(Beginning of Exercise input)
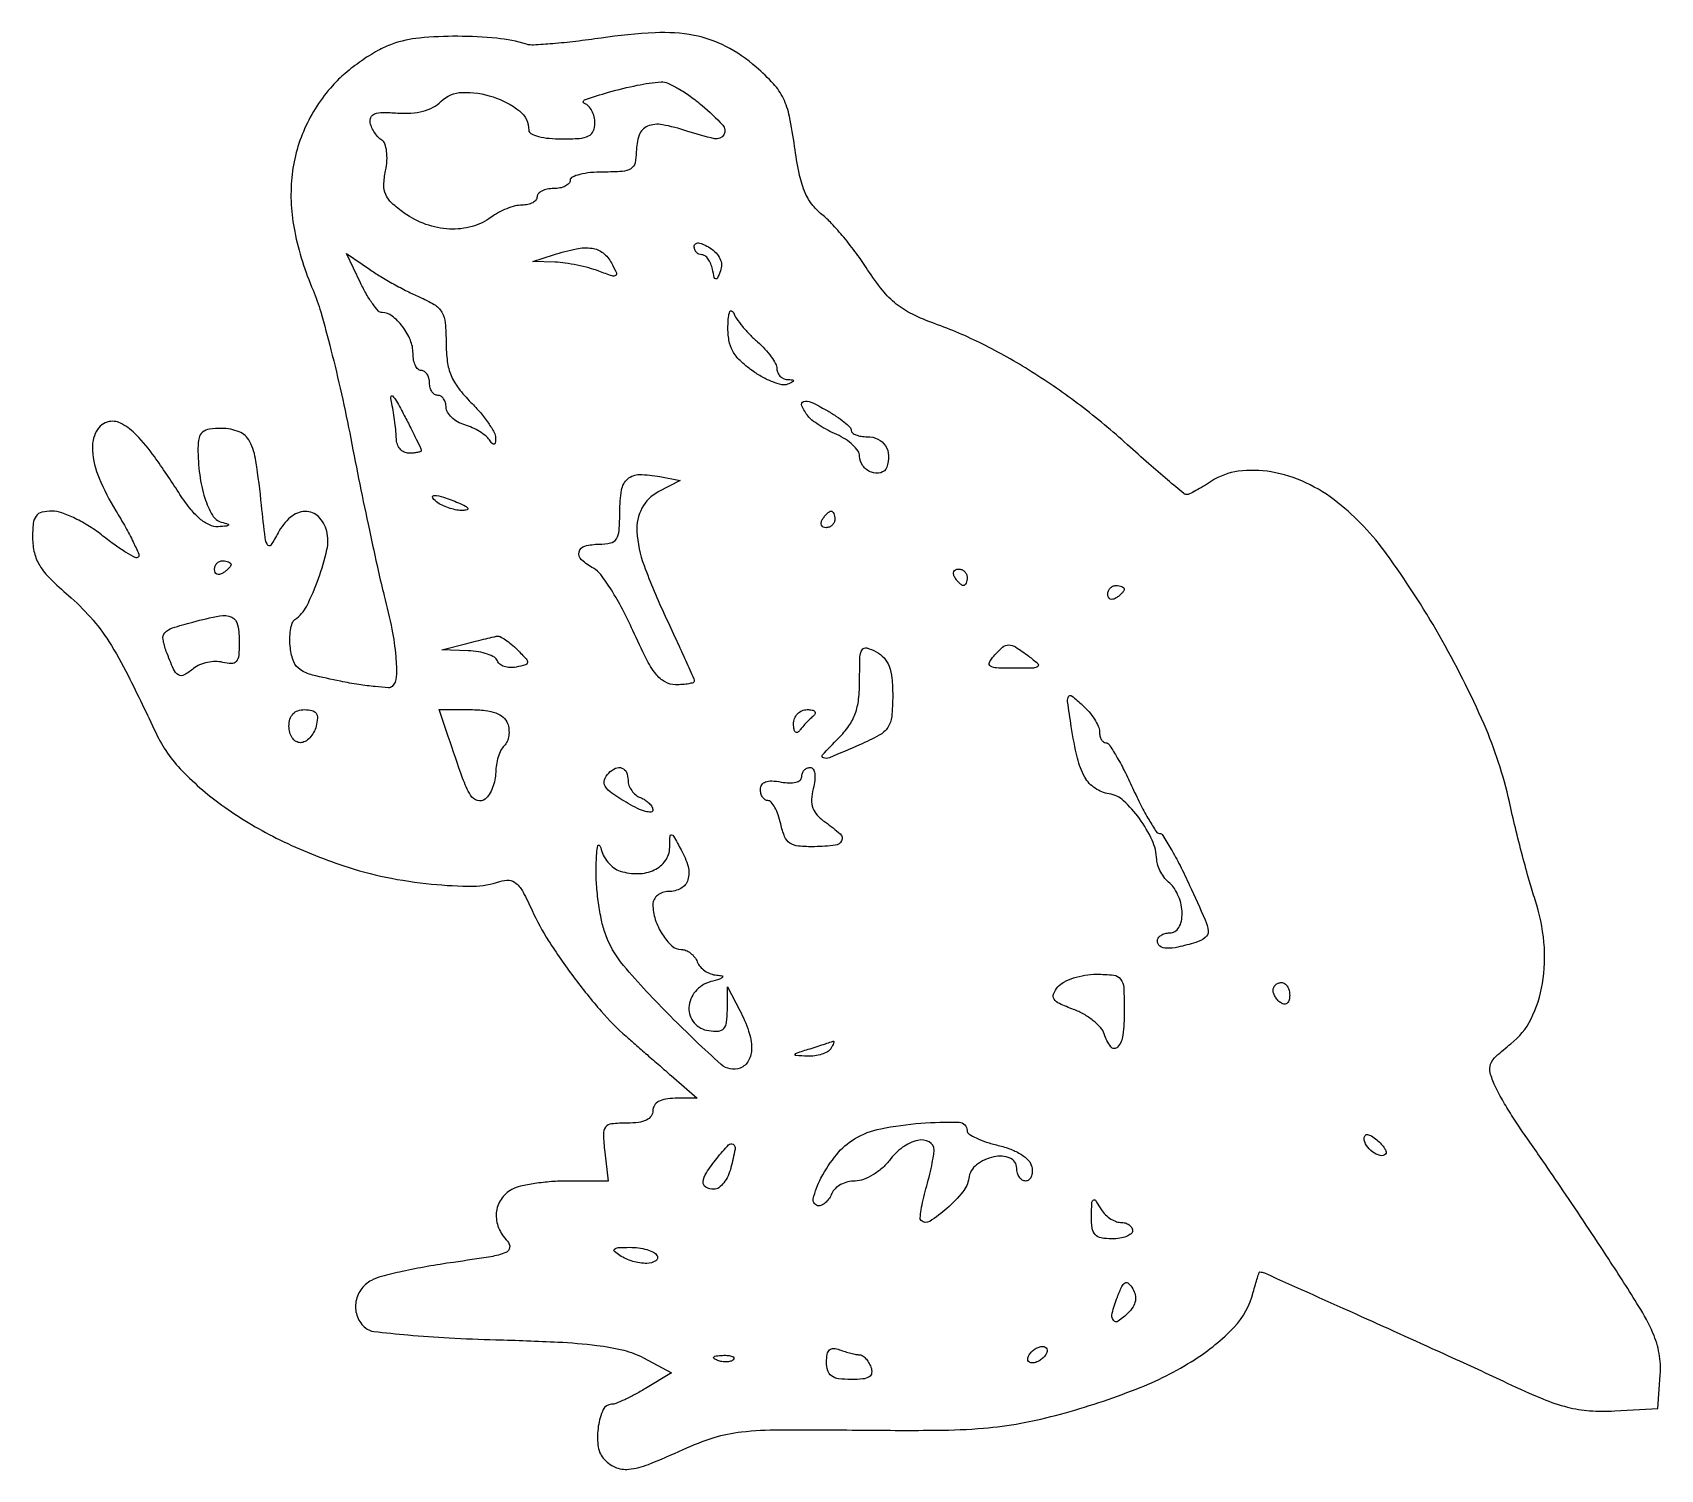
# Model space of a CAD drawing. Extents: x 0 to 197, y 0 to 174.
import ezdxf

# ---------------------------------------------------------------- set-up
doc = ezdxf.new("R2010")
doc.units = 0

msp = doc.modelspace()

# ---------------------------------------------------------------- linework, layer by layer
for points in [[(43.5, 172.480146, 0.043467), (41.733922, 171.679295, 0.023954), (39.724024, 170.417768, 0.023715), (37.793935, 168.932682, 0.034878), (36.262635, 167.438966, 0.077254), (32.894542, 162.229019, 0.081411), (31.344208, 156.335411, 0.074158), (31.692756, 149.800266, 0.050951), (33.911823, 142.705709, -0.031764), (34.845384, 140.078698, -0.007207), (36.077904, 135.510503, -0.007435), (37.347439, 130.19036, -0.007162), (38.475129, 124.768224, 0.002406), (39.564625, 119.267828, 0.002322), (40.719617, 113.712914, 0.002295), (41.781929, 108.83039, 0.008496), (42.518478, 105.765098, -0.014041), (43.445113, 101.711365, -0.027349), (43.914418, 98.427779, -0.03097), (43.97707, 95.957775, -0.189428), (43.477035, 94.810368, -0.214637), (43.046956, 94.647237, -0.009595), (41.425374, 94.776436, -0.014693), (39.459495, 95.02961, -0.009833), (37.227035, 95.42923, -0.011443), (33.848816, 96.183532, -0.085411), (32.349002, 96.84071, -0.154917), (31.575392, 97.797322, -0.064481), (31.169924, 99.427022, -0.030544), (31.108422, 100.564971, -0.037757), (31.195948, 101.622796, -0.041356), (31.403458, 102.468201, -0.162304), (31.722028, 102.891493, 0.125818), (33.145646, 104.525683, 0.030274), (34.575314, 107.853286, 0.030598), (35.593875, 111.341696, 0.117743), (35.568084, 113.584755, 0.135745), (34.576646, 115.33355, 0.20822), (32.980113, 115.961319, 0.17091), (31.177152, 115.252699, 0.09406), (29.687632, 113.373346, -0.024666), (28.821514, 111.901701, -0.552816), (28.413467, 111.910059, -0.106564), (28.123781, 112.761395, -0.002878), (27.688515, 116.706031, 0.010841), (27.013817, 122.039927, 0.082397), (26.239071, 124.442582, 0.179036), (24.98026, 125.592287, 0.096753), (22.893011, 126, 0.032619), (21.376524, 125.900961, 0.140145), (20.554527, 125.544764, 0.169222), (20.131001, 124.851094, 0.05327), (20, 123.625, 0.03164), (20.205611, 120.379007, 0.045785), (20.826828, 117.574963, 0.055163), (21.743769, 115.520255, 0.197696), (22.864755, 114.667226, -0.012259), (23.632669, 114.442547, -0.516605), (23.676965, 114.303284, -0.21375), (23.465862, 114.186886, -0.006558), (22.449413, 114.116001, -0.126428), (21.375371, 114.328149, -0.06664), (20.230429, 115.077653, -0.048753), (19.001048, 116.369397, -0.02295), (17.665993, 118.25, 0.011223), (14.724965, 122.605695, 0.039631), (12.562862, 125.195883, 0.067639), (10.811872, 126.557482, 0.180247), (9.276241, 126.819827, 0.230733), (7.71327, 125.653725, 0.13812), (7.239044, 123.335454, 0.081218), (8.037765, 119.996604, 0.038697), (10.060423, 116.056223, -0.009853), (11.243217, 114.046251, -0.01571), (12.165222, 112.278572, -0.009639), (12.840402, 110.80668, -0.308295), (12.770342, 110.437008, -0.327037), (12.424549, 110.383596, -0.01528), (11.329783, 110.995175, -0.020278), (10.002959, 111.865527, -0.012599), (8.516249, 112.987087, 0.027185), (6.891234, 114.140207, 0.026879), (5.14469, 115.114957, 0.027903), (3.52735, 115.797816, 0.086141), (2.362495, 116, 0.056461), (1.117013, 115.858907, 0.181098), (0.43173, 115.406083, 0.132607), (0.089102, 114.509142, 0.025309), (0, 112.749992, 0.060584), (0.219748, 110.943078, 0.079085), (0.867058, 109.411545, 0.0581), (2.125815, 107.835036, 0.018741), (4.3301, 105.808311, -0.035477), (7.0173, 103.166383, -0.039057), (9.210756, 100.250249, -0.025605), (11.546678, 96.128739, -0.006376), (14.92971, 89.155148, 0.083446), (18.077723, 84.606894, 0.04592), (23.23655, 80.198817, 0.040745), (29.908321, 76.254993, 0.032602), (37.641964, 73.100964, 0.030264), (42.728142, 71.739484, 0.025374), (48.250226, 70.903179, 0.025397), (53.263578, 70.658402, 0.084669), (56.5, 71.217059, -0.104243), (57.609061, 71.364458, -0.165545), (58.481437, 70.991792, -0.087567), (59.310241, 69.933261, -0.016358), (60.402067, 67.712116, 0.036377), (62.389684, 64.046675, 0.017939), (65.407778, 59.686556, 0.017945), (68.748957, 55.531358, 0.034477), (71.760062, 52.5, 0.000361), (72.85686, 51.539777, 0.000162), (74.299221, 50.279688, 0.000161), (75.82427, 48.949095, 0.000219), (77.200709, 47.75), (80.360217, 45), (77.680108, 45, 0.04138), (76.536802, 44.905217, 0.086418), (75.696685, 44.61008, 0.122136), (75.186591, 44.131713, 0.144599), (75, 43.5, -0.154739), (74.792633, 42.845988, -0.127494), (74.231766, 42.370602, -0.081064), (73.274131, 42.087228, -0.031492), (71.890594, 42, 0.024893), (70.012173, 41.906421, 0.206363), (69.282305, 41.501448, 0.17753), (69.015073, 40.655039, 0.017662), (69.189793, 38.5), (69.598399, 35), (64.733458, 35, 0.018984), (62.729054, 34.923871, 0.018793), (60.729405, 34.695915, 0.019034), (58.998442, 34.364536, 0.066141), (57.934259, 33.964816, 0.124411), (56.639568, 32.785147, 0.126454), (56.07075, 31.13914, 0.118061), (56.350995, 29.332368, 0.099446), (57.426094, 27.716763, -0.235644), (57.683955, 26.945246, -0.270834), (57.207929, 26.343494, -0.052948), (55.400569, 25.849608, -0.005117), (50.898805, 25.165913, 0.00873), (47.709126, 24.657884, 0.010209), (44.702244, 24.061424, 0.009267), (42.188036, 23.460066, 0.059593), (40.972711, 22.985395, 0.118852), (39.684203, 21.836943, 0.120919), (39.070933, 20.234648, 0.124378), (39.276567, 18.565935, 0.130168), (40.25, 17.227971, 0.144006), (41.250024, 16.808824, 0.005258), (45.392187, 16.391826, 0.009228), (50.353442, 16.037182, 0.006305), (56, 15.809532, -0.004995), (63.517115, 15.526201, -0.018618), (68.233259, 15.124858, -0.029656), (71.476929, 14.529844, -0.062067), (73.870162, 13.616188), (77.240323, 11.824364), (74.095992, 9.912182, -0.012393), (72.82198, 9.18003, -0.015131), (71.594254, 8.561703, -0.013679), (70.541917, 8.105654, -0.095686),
(End of Exercise input)
**The problem**.
The records above should be reproduced exactly, with the pictures omitted.

**Result of this task**.
# Model space of a CAD drawing. Extents: x 0 to 197, y 0 to 174.
import ezdxf

# ---------------------------------------------------------------- set-up
doc = ezdxf.new("R2010")
doc.units = 0

msp = doc.modelspace()

# ---------------------------------------------------------------- linework, layer by layer
for points in [[(43.5, 172.480146, 0.043467), (41.733922, 171.679295, 0.023954), (39.724024, 170.417768, 0.023715), (37.793935, 168.932682, 0.034878), (36.262635, 167.438966, 0.077254), (32.894542, 162.229019, 0.081411), (31.344208, 156.335411, 0.074158), (31.692756, 149.800266, 0.050951), (33.911823, 142.705709, -0.031764), (34.845384, 140.078698, -0.007207), (36.077904, 135.510503, -0.007435), (37.347439, 130.19036, -0.007162), (38.475129, 124.768224, 0.002406), (39.564625, 119.267828, 0.002322), (40.719617, 113.712914, 0.002295), (41.781929, 108.83039, 0.008496), (42.518478, 105.765098, -0.014041), (43.445113, 101.711365, -0.027349), (43.914418, 98.427779, -0.03097), (43.97707, 95.957775, -0.189428), (43.477035, 94.810368, -0.214637), (43.046956, 94.647237, -0.009595), (41.425374, 94.776436, -0.014693), (39.459495, 95.02961, -0.009833), (37.227035, 95.42923, -0.011443), (33.848816, 96.183532, -0.085411), (32.349002, 96.84071, -0.154917), (31.575392, 97.797322, -0.064481), (31.169924, 99.427022, -0.030544), (31.108422, 100.564971, -0.037757), (31.195948, 101.622796, -0.041356), (31.403458, 102.468201, -0.162304), (31.722028, 102.891493, 0.125818), (33.145646, 104.525683, 0.030274), (34.575314, 107.853286, 0.030598), (35.593875, 111.341696, 0.117743), (35.568084, 113.584755, 0.135745), (34.576646, 115.33355, 0.20822), (32.980113, 115.961319, 0.17091), (31.177152, 115.252699, 0.09406), (29.687632, 113.373346, -0.024666), (28.821514, 111.901701, -0.552816), (28.413467, 111.910059, -0.106564), (28.123781, 112.761395, -0.002878), (27.688515, 116.706031, 0.010841), (27.013817, 122.039927, 0.082397), (26.239071, 124.442582, 0.179036), (24.98026, 125.592287, 0.096753), (22.893011, 126, 0.032619), (21.376524, 125.900961, 0.140145), (20.554527, 125.544764, 0.169222), (20.131001, 124.851094, 0.05327), (20, 123.625, 0.03164), (20.205611, 120.379007, 0.045785), (20.826828, 117.574963, 0.055163), (21.743769, 115.520255, 0.197696), (22.864755, 114.667226, -0.012259), (23.632669, 114.442547, -0.516605), (23.676965, 114.303284, -0.21375), (23.465862, 114.186886, -0.006558), (22.449413, 114.116001, -0.126428), (21.375371, 114.328149, -0.06664), (20.230429, 115.077653, -0.048753), (19.001048, 116.369397, -0.02295), (17.665993, 118.25, 0.011223), (14.724965, 122.605695, 0.039631), (12.562862, 125.195883, 0.067639), (10.811872, 126.557482, 0.180247), (9.276241, 126.819827, 0.230733), (7.71327, 125.653725, 0.13812), (7.239044, 123.335454, 0.081218), (8.037765, 119.996604, 0.038697), (10.060423, 116.056223, -0.009853), (11.243217, 114.046251, -0.01571), (12.165222, 112.278572, -0.009639), (12.840402, 110.80668, -0.308295), (12.770342, 110.437008, -0.327037), (12.424549, 110.383596, -0.01528), (11.329783, 110.995175, -0.020278), (10.002959, 111.865527, -0.012599), (8.516249, 112.987087, 0.027185), (6.891234, 114.140207, 0.026879), (5.14469, 115.114957, 0.027903), (3.52735, 115.797816, 0.086141), (2.362495, 116, 0.056461), (1.117013, 115.858907, 0.181098), (0.43173, 115.406083, 0.132607), (0.089102, 114.509142, 0.025309), (0, 112.749992, 0.060584), (0.219748, 110.943078, 0.079085), (0.867058, 109.411545, 0.0581), (2.125815, 107.835036, 0.018741), (4.3301, 105.808311, -0.035477), (7.0173, 103.166383, -0.039057), (9.210756, 100.250249, -0.025605), (11.546678, 96.128739, -0.006376), (14.92971, 89.155148, 0.083446), (18.077723, 84.606894, 0.04592), (23.23655, 80.198817, 0.040745), (29.908321, 76.254993, 0.032602), (37.641964, 73.100964, 0.030264), (42.728142, 71.739484, 0.025374), (48.250226, 70.903179, 0.025397), (53.263578, 70.658402, 0.084669), (56.5, 71.217059, -0.104243), (57.609061, 71.364458, -0.165545), (58.481437, 70.991792, -0.087567), (59.310241, 69.933261, -0.016358), (60.402067, 67.712116, 0.036377), (62.389684, 64.046675, 0.017939), (65.407778, 59.686556, 0.017945), (68.748957, 55.531358, 0.034477), (71.760062, 52.5, 0.000361), (72.85686, 51.539777, 0.000162), (74.299221, 50.279688, 0.000161), (75.82427, 48.949095, 0.000219), (77.200709, 47.75), (80.360217, 45), (77.680108, 45, 0.04138), (76.536802, 44.905217, 0.086418), (75.696685, 44.61008, 0.122136), (75.186591, 44.131713, 0.144599), (75, 43.5, -0.154739), (74.792633, 42.845988, -0.127494), (74.231766, 42.370602, -0.081064), (73.274131, 42.087228, -0.031492), (71.890594, 42, 0.024893), (70.012173, 41.906421, 0.206363), (69.282305, 41.501448, 0.17753), (69.015073, 40.655039, 0.017662), (69.189793, 38.5), (69.598399, 35), (64.733458, 35, 0.018984), (62.729054, 34.923871, 0.018793), (60.729405, 34.695915, 0.019034), (58.998442, 34.364536, 0.066141), (57.934259, 33.964816, 0.124411), (56.639568, 32.785147, 0.126454), (56.07075, 31.13914, 0.118061), (56.350995, 29.332368, 0.099446), (57.426094, 27.716763, -0.235644), (57.683955, 26.945246, -0.270834), (57.207929, 26.343494, -0.052948), (55.400569, 25.849608, -0.005117), (50.898805, 25.165913, 0.00873), (47.709126, 24.657884, 0.010209), (44.702244, 24.061424, 0.009267), (42.188036, 23.460066, 0.059593), (40.972711, 22.985395, 0.118852), (39.684203, 21.836943, 0.120919), (39.070933, 20.234648, 0.124378), (39.276567, 18.565935, 0.130168), (40.25, 17.227971, 0.144006), (41.250024, 16.808824, 0.005258), (45.392187, 16.391826, 0.009228), (50.353442, 16.037182, 0.006305), (56, 15.809532, -0.004995), (63.517115, 15.526201, -0.018618), (68.233259, 15.124858, -0.029656), (71.476929, 14.529844, -0.062067), (73.870162, 13.616188), (77.240323, 11.824364), (74.095992, 9.912182, -0.012393), (72.82198, 9.18003, -0.015131), (71.594254, 8.561703, -0.013679), (70.541917, 8.105654, -0.095686),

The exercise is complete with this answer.